Mobile app model · workbook extract
Modeled impressions = ad-eligible MAU × sessions × minutes per session × impressions per minute
Ad revenue = delivered impressions ÷ 1,000 × effective CPM
For May, the workbook applies 300 impressions to all approximately 1,452 MAU, producing about 435,643 impressions. At an illustrative $5 per thousand and no assumed platform fee, that is $2,178.21 in ad revenue. Ten ads per five-minute session is a heavy ad load for many product experiences; test it against actual placements, engagement and retention.
5. Forecast purchasers, orders and item mix
For in-app purchases (IAP), separate the share of active users who buy from how much each buyer spends. The workbook assumes that 2% of active users who are not subscribers make a purchase. It gives two example items a $35 and $25 price and a 20%/80% sales mix, yielding a $27 average item price.
Mobile app model · workbook extract
Purchasers = eligible MAU × purchase conversion
Gross IAP revenue = purchasers × orders per purchaser × items per order × weighted item price
May's 1,452 MAU less 58 subscribers leave about 1,394 non-subscribers. Two percent, rounded, gives 28 purchasers; two one-item orders at an average $27 produce $1,512 gross IAP billings. With the workbook's illustrative 30% store deduction, the net IAP revenue is $1,058.40.
The model deliberately excludes subscribers from the purchasing pool. If your paid members can also purchase add-ons, model that as a distinct eligible segment rather than assuming they never buy. Test purchase frequency with cohorts and real order data; repeat purchases cannot be inferred from initial conversion alone.
6. Compare revenue with acquisition and delivery costs
The three streams meet in the same monthly forecast, but they do not carry the same evidence or cost structure. May's modeled net revenue, after the specific store and ad-platform deductions assumed above, is:
| Revenue stream | Workbook calculation | Net revenue |
|---|---|---|
| Subscriptions | 58 × $19 − 15% store deduction | $936.70 |
| Advertising | Unrounded impressions ÷ 1,000 × $5 CPM | $2,178.21 |
| In-app purchases | 28 buyers × $54 − 30% store deduction | $1,058.40 |
| Total | Sum of the three streams | $4,173.31 |
Change one assumption at a time to see which decision moves: lower retention, fewer ad impressions, weaker purchase conversion, a different store-fee mix or a delayed campaign. Track contribution after the costs needed to serve users, and follow cash separately from recognized revenue. Do not use a CPI, a revenue-per-user figure or a blended LTV/CAC ratio without checking its audience, period and included costs.
What the model should help you decide
Choose the stream that fits what users value and how they actually use the app. If a subscription removes ads, reflect that trade-off in both forecasts.

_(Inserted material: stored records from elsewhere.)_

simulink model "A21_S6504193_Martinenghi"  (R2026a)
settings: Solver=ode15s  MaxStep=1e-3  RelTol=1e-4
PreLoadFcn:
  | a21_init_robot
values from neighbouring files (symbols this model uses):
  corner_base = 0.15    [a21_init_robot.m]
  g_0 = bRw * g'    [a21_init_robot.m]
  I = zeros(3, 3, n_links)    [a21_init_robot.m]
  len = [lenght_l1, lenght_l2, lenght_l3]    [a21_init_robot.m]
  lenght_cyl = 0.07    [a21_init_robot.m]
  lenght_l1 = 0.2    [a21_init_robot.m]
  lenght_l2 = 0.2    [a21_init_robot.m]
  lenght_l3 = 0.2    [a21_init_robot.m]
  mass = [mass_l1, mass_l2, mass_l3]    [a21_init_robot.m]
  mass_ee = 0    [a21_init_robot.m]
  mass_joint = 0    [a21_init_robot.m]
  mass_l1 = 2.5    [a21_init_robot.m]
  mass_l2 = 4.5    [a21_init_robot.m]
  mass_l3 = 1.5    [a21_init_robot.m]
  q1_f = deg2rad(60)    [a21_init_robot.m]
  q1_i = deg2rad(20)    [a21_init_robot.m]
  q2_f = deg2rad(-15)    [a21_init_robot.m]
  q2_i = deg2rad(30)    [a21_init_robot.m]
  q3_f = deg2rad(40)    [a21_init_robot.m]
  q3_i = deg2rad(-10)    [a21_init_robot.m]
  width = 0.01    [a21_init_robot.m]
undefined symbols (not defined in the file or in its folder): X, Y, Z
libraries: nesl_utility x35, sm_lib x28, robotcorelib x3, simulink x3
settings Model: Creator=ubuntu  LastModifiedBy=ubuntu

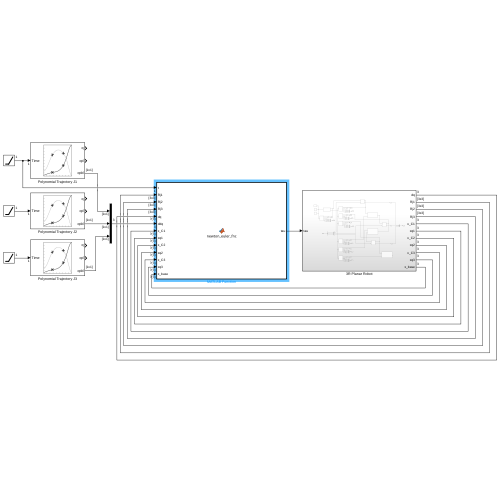
[thumbnail: Simulink's stored preview of the top-level diagram]
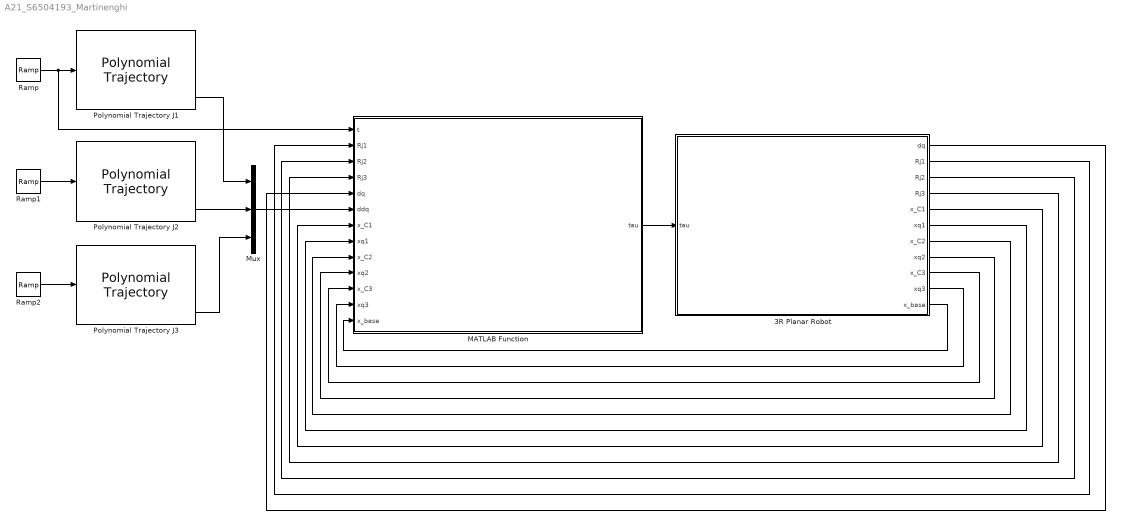
== system A21_S6504193_Martinenghi ==
  3R Planar Robot : Subsystem
  MATLAB Function : MATLAB Function  TreatAsAtomicUnit=on
  Mux : Mux  Inputs=3
  Polynomial Trajectory J1 : robotcorelib/Polynomial Trajectory  WaypointSource=Internal  Waypoints=[q1_i, q1_f]  TimePoints=[ 0, 10 ]  TimeInterval=[ 1, 4 ]  Method=Cubic Polynomial  ParameterSource=Internal  VelocityBoundaryCondition=zeros( 1, 2 )  AccelerationBoundaryCondition=zeros( 2, 5 )  SimulateUsing=Interpreted execution
  Polynomial Trajectory J2 : robotcorelib/Polynomial Trajectory  WaypointSource=Internal  Waypoints=[ q2_i, q2_f ]  TimePoints=[ 0, 10 ]  TimeInterval=[ 1, 4 ]  Method=Cubic Polynomial  ParameterSource=Internal  VelocityBoundaryCondition=zeros( 1, 2 )  AccelerationBoundaryCondition=zeros( 2, 5 )  SimulateUsing=Interpreted execution
  Polynomial Trajectory J3 : robotcorelib/Polynomial Trajectory  WaypointSource=Internal  Waypoints=[ q3_i, q3_f ]  TimePoints=[ 0, 10 ]  TimeInterval=[ 1, 4 ]  Method=Cubic Polynomial  ParameterSource=Internal  VelocityBoundaryCondition=zeros( 1, 2 )  AccelerationBoundaryCondition=zeros( 2, 5 )  SimulateUsing=Interpreted execution
  Ramp : simulink/Sources/Ramp  slope=1  start=0  InitialOutput=0
  Ramp1 : simulink/Sources/Ramp  slope=1  start=0  InitialOutput=0
  Ramp2 : simulink/Sources/Ramp  slope=1  start=0  InitialOutput=0
  wires:
  MATLAB Function/1(tau) -> 3R Planar Robot/1(tau)
  Ramp/1 -> MATLAB Function/1(t), Polynomial Trajectory J1/1
  Ramp1/1 -> Polynomial Trajectory J2/1
  Polynomial Trajectory J1/3 -> Mux/1
  Polynomial Trajectory J2/3 -> Mux/2
  Ramp2/1 -> Polynomial Trajectory J3/1
  Polynomial Trajectory J3/3 -> Mux/3
  Mux/1 -> MATLAB Function/6(ddq)
  3R Planar Robot/1(dq) -> MATLAB Function/5(dq)
  3R Planar Robot/2(Rj1) -> MATLAB Function/2(Rj1)
  3R Planar Robot/3(Rj2) -> MATLAB Function/3(Rj2)
  3R Planar Robot/4(Rj3) -> MATLAB Function/4(Rj3)
  3R Planar Robot/5(x_C1) -> MATLAB Function/7(x_C1)
  3R Planar Robot/6(xq1) -> MATLAB Function/8(xq1)
  3R Planar Robot/7(x_C2) -> MATLAB Function/9(x_C2)
  3R Planar Robot/8(xq2) -> MATLAB Function/10(xq2)
  3R Planar Robot/9(x_C3) -> MATLAB Function/11(x_C3)
  3R Planar Robot/10(xq3) -> MATLAB Function/12(xq3)
  3R Planar Robot/11(x_base) -> MATLAB Function/13(x_base)

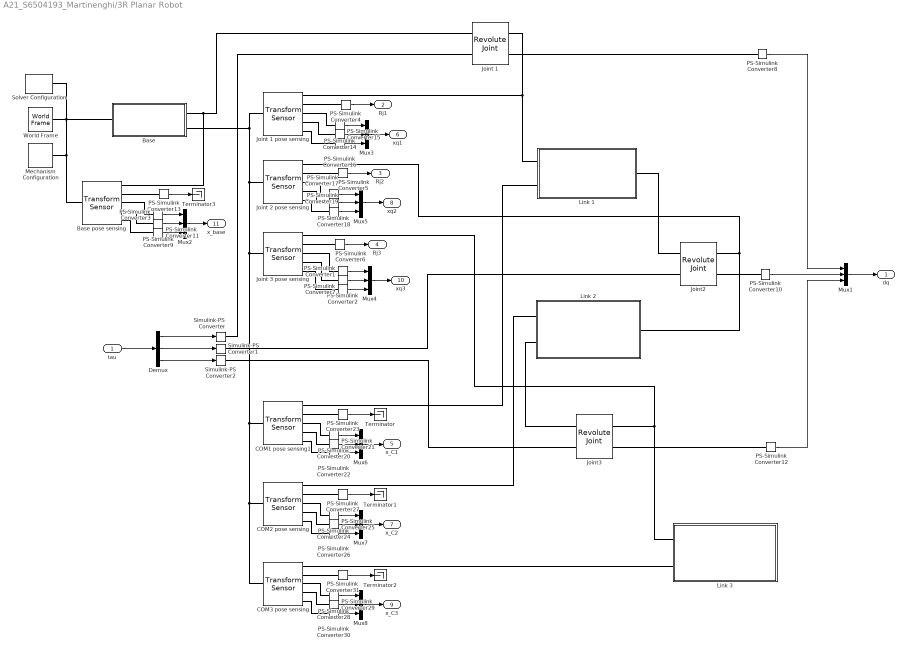
== system A21_S6504193_Martinenghi/3R Planar Robot ==
  tau : Inport  Unit=1
  Base : Subsystem
      settings: PortSchema="{\"entries\":[{\"content\":{\"sides\":[{\"content\":{},\"type\":\"ConnectorPlacement.EquallySpacedRectSide\",\"uuid\":\"d02f94b6-e832-47a0-a34b-6833663c7bb5\"},{\"content\":{\"side\":\"RIGHT\"},\"type\":\"ConnectorPlacement.EquallySpacedRectSide\",\"uuid\":\"6125681a-8698-4101-8864-7244487dafa4\"},{\"content\":{\"connectorIds\":[\"LConn1\"],\"side\":\"TOP\"},\"type\":\"ConnectorPlacement.EquallySpacedRectSide\",\"uuid\":\"6c8db9f7-c5c0-485a-b6d5-359a8a80284c\"},{\"content\":{\"connectorIds\":[\"RConn1\",\"RConn2\"],\"side\":\"BOTTOM\"},\"type\":\"ConnectorPlacement.EquallySpacedRectSide\",\"uuid\":\"97f1219d-93fc-432b-9e6b-1b8efba6c947\"}]},\"type\":\"ConnectorPlacement.EquallySpacedConnector\",\"uuid\":\"ff6e16aa-4c4e-4070-a58f-244657740585\"}],\"packageUris\":[\"http://schema.mathworks.com/mf0/Connector/R2020b\"],\"version\":\"1.0\"}"
  Base pose sensing : sm_lib/Frames and Transforms/Transform Sensor  MeasurementFrame=Base  RotationSequence=XYX  SenseAngle=off  SenseAxis=off  SenseQ=off  SenseR=on  SenseRotationSequence=off  SenseOmegaX=off  SenseOmegaY=off  SenseOmegaZ=off  SenseOmega=off  SenseQDot=off  SenseRDot=off  SenseRotationSequenceDot=off  SenseAlphaX=off  SenseAlphaY=off  SenseAlphaZ=off  SenseAlpha=off  SenseQDDot=off  SenseRDDot=off  SenseX=on  SenseY=on  SenseZ=on  SenseXYZ=off  SenseRad=off  SenseAzim=off  SenseDist=off  SenseInc=off  SenseXDot=off  SenseYDot=off  SenseZDot=off  SenseXYZDot=off  SenseRadDot=off  SenseAzimDot=off  SenseDistDot=off  SenseIncDot=off  SenseXDDot=off  SenseYDDot=off  SenseZDDot=off  SenseXYZDDot=off  SenseRadDDot=off  SenseAzimDDot=off  SenseDistDDot=off  SenseIncDDot=off
  COM1 pose sensing1 : sm_lib/Frames and Transforms/Transform Sensor  MeasurementFrame=Base  RotationSequence=XYX  SenseAngle=off  SenseAxis=off  SenseQ=off  SenseR=on  SenseRotationSequence=off  SenseOmegaX=off  SenseOmegaY=off  SenseOmegaZ=off  SenseOmega=off  SenseQDot=off  SenseRDot=off  SenseRotationSequenceDot=off  SenseAlphaX=off  SenseAlphaY=off  SenseAlphaZ=off  SenseAlpha=off  SenseQDDot=off  SenseRDDot=off  SenseX=on  SenseY=on  SenseZ=on  SenseXYZ=off  SenseRad=off  SenseAzim=off  SenseDist=off  SenseInc=off  SenseXDot=off  SenseYDot=off  SenseZDot=off  SenseXYZDot=off  SenseRadDot=off  SenseAzimDot=off  SenseDistDot=off  SenseIncDot=off  SenseXDDot=off  SenseYDDot=off  SenseZDDot=off  SenseXYZDDot=off  SenseRadDDot=off  SenseAzimDDot=off  SenseDistDDot=off  SenseIncDDot=off
  COM2 pose sensing : sm_lib/Frames and Transforms/Transform Sensor  MeasurementFrame=Base  RotationSequence=XYX  SenseAngle=off  SenseAxis=off  SenseQ=off  SenseR=on  SenseRotationSequence=off  SenseOmegaX=off  SenseOmegaY=off  SenseOmegaZ=off  SenseOmega=off  SenseQDot=off  SenseRDot=off  SenseRotationSequenceDot=off  SenseAlphaX=off  SenseAlphaY=off  SenseAlphaZ=off  SenseAlpha=off  SenseQDDot=off  SenseRDDot=off  SenseX=on  SenseY=on  SenseZ=on  SenseXYZ=off  SenseRad=off  SenseAzim=off  SenseDist=off  SenseInc=off  SenseXDot=off  SenseYDot=off  SenseZDot=off  SenseXYZDot=off  SenseRadDot=off  SenseAzimDot=off  SenseDistDot=off  SenseIncDot=off  SenseXDDot=off  SenseYDDot=off  SenseZDDot=off  SenseXYZDDot=off  SenseRadDDot=off  SenseAzimDDot=off  SenseDistDDot=off  SenseIncDDot=off
  COM3 pose sensing : sm_lib/Frames and Transforms/Transform Sensor  MeasurementFrame=Base  RotationSequence=XYX  SenseAngle=off  SenseAxis=off  SenseQ=off  SenseR=on  SenseRotationSequence=off  SenseOmegaX=off  SenseOmegaY=off  SenseOmegaZ=off  SenseOmega=off  SenseQDot=off  SenseRDot=off  SenseRotationSequenceDot=off  SenseAlphaX=off  SenseAlphaY=off  SenseAlphaZ=off  SenseAlpha=off  SenseQDDot=off  SenseRDDot=off  SenseX=on  SenseY=on  SenseZ=on  SenseXYZ=off  SenseRad=off  SenseAzim=off  SenseDist=off  SenseInc=off  SenseXDot=off  SenseYDot=off  SenseZDot=off  SenseXYZDot=off  SenseRadDot=off  SenseAzimDot=off  SenseDistDot=off  SenseIncDot=off  SenseXDDot=off  SenseYDDot=off  SenseZDDot=off  SenseXYZDDot=off  SenseRadDDot=off  SenseAzimDDot=off  SenseDistDDot=off  SenseIncDDot=off
  Demux : Demux  Outputs=3
  Joint 1 : sm_lib/Joints/Revolute Joint  JointMode=Normal  CompositeWrenchDir=FollowerOnBase  CompositeWrenchFrame=BaseFrame  SenseConstraintForce=off  SenseConstraintTorque=off  SenseTotalForce=off  SenseTotalTorque=off  PositionTargetSpecify=on  PositionTargetPriority=High  PositionTargetValue=q1_i  PositionTargetValueUnits=rad  VelocityTargetSpecify=off  VelocityTargetPriority=High  VelocityTargetValue=0  VelocityTargetValueUnits=deg/s  EquilibriumPosition=0  EquilibriumPositionUnits=deg  SpringStiffness=0  SpringStiffnessUnits=N*m/deg  DampingCoefficient=0  DampingCoefficientUnits=N*m/(deg/s)  LowerLimitSpecify=off  LowerLimitBound=-90  LowerLimitBoundUnits=deg  LowerLimitStiffness=1e4  LowerLimitStiffnessUnits=N*m/deg  LowerLimitDamping=10  LowerLimitDampingUnits=N*m/(deg/s)  LowerLimitTransitionRegionWidth=0.1  LowerLimitTransitionRegionWidthUnits=deg  UpperLimitSpecify=off  UpperLimitBound=90  UpperLimitBoundUnits=deg  UpperLimitStiffness=1e4  UpperLimitStiffnessUnits=N*m/deg  UpperLimitDamping=10  UpperLimitDampingUnits=N*m/(deg/s)  UpperLimitTransitionRegionWidth=0.1  UpperLimitTransitionRegionWidthUnits=deg  TorqueActuationMode=InputTorque  MotionActuationMode=ComputedMotion  SensePosition=off  SenseVelocity=on  SenseAcceleration=off  SenseTorqueForce=off  SenseLowerLimitTorqueForce=off  SenseUpperLimitTorqueForce=off
  Joint 1 pose sensing : sm_lib/Frames and Transforms/Transform Sensor  MeasurementFrame=Base  RotationSequence=XYX  SenseAngle=off  SenseAxis=off  SenseQ=off  SenseR=on  SenseRotationSequence=off  SenseOmegaX=off  SenseOmegaY=off  SenseOmegaZ=off  SenseOmega=off  SenseQDot=off  SenseRDot=off  SenseRotationSequenceDot=off  SenseAlphaX=off  SenseAlphaY=off  SenseAlphaZ=off  SenseAlpha=off  SenseQDDot=off  SenseRDDot=off  SenseX=on  SenseY=on  SenseZ=on  SenseXYZ=off  SenseRad=off  SenseAzim=off  SenseDist=off  SenseInc=off  SenseXDot=off  SenseYDot=off  SenseZDot=off  SenseXYZDot=off  SenseRadDot=off  SenseAzimDot=off  SenseDistDot=off  SenseIncDot=off  SenseXDDot=off  SenseYDDot=off  SenseZDDot=off  SenseXYZDDot=off  SenseRadDDot=off  SenseAzimDDot=off  SenseDistDDot=off  SenseIncDDot=off
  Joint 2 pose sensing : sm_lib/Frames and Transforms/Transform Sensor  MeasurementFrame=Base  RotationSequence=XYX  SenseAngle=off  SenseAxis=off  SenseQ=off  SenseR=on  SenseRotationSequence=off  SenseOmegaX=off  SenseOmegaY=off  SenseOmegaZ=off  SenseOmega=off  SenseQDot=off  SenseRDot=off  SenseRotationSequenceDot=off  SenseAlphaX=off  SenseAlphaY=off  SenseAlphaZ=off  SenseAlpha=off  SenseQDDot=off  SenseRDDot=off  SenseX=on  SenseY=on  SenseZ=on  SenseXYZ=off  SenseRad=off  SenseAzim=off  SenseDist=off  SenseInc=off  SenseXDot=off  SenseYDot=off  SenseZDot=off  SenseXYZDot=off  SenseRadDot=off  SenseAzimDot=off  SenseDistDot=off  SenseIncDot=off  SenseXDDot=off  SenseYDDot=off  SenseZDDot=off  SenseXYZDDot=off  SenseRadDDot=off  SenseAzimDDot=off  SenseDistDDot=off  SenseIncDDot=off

If in-app purchases can coexist with subscriptions, define the overlap. Treat store deductions, refunds and delivery costs as part of the economics rather than a footnote.
Before increasing acquisition spend, validate activation, month-to-month retention, delivered ad impressions and willingness to pay with small tests. Then compare actuals with the model monthly and update the assumptions that changed. The useful output is not a single five-year revenue line: it is a clearer choice about pricing, product experience, spending and how much cash is needed to reach the next milestone.